> _Aim of the task_:
Those lines of the records that contain "zscale" are to be located and copied.

> _Extracted records_:
—————

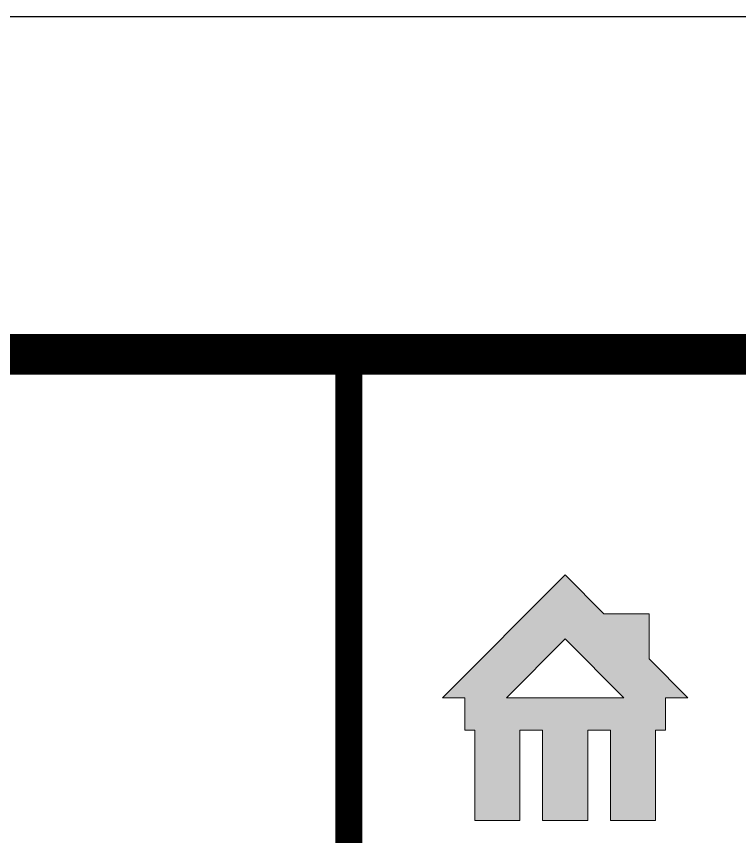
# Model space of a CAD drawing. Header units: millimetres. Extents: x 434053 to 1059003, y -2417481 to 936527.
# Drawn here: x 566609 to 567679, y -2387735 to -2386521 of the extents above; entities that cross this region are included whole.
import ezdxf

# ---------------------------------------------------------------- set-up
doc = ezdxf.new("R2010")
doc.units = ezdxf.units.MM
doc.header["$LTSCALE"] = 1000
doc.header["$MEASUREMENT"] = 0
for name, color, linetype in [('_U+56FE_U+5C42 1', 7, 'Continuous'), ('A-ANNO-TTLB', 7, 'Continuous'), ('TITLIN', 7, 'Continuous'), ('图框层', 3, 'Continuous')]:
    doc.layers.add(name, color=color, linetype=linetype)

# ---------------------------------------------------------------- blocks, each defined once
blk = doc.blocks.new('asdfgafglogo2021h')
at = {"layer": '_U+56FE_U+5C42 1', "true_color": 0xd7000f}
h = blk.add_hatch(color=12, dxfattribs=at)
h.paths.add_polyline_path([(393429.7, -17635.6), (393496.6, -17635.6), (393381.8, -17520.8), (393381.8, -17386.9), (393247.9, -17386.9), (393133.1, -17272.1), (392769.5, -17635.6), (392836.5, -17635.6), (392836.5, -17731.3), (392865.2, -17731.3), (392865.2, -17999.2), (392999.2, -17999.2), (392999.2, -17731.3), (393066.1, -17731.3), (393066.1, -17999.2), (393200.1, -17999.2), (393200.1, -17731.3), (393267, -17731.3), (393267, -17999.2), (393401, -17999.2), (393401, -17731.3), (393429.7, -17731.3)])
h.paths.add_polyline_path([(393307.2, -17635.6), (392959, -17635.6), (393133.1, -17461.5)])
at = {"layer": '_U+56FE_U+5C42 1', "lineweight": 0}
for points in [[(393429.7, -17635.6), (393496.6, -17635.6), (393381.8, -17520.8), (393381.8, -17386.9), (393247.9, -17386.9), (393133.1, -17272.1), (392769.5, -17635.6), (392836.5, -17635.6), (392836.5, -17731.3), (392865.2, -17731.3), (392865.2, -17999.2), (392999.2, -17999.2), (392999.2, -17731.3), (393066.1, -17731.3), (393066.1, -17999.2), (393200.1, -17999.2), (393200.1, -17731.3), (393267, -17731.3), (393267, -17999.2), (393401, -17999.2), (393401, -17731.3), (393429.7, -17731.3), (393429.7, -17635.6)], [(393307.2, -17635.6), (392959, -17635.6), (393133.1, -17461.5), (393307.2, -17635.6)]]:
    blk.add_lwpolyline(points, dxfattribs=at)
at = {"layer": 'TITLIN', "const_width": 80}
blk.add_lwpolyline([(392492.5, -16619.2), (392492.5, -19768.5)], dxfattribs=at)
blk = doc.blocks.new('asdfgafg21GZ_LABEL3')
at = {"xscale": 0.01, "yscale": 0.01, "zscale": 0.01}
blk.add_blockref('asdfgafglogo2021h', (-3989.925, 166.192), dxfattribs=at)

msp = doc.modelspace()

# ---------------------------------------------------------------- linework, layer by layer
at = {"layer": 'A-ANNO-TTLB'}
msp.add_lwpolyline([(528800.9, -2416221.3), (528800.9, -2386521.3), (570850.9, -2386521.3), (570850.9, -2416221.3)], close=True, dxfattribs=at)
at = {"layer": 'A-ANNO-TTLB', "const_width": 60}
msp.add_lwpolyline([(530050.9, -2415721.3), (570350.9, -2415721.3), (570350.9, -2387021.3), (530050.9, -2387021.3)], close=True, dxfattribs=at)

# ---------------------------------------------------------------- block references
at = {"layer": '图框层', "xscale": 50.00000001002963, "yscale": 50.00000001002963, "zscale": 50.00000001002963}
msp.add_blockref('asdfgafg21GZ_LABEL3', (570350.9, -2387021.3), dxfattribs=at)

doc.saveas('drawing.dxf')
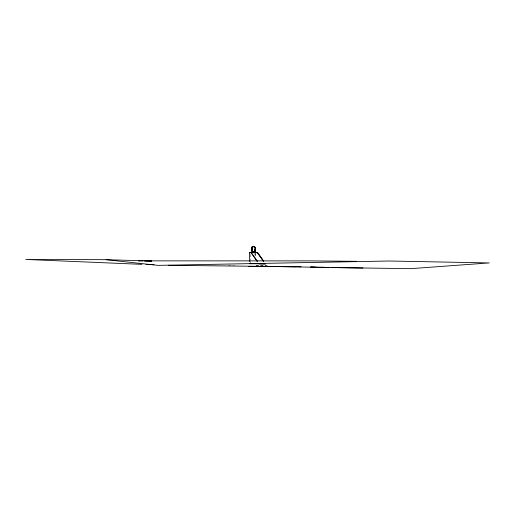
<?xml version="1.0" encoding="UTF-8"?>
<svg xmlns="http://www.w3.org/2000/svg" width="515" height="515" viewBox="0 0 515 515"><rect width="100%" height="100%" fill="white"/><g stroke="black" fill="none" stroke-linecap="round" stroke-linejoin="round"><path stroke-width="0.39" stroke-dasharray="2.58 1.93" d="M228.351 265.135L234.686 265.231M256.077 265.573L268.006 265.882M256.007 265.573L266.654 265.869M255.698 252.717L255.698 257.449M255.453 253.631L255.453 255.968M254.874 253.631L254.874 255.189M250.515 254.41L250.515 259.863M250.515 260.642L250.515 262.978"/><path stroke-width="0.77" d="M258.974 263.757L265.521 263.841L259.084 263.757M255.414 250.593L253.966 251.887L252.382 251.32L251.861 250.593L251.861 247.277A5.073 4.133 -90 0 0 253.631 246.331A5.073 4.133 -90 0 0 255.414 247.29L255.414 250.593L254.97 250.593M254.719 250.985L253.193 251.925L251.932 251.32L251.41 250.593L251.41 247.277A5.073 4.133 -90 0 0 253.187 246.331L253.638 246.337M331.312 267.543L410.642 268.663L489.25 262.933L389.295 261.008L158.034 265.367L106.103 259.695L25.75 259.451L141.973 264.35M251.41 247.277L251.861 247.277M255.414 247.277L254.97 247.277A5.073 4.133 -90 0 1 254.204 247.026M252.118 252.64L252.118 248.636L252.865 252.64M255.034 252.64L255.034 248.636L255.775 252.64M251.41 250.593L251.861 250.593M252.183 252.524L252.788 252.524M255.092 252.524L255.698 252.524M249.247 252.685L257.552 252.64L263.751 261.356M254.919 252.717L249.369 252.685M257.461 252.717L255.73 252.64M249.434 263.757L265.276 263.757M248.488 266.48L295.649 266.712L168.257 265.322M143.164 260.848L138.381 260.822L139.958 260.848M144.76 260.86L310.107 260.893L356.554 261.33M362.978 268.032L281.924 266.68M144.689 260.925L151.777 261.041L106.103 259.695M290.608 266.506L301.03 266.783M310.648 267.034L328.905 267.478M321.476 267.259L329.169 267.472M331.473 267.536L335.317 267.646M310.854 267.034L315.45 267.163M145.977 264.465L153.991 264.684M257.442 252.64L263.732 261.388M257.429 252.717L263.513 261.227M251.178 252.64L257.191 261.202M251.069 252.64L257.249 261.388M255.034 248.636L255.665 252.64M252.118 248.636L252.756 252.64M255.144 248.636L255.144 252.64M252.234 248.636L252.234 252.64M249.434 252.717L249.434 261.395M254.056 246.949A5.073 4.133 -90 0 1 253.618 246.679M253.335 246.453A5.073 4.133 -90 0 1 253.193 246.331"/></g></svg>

—————

> _Result_:
at = {"xscale": 0.01, "yscale": 0.01, "zscale": 0.01}
at = {"layer": '图框层', "xscale": 50.00000001002963, "yscale": 50.00000001002963, "zscale": 50.00000001002963}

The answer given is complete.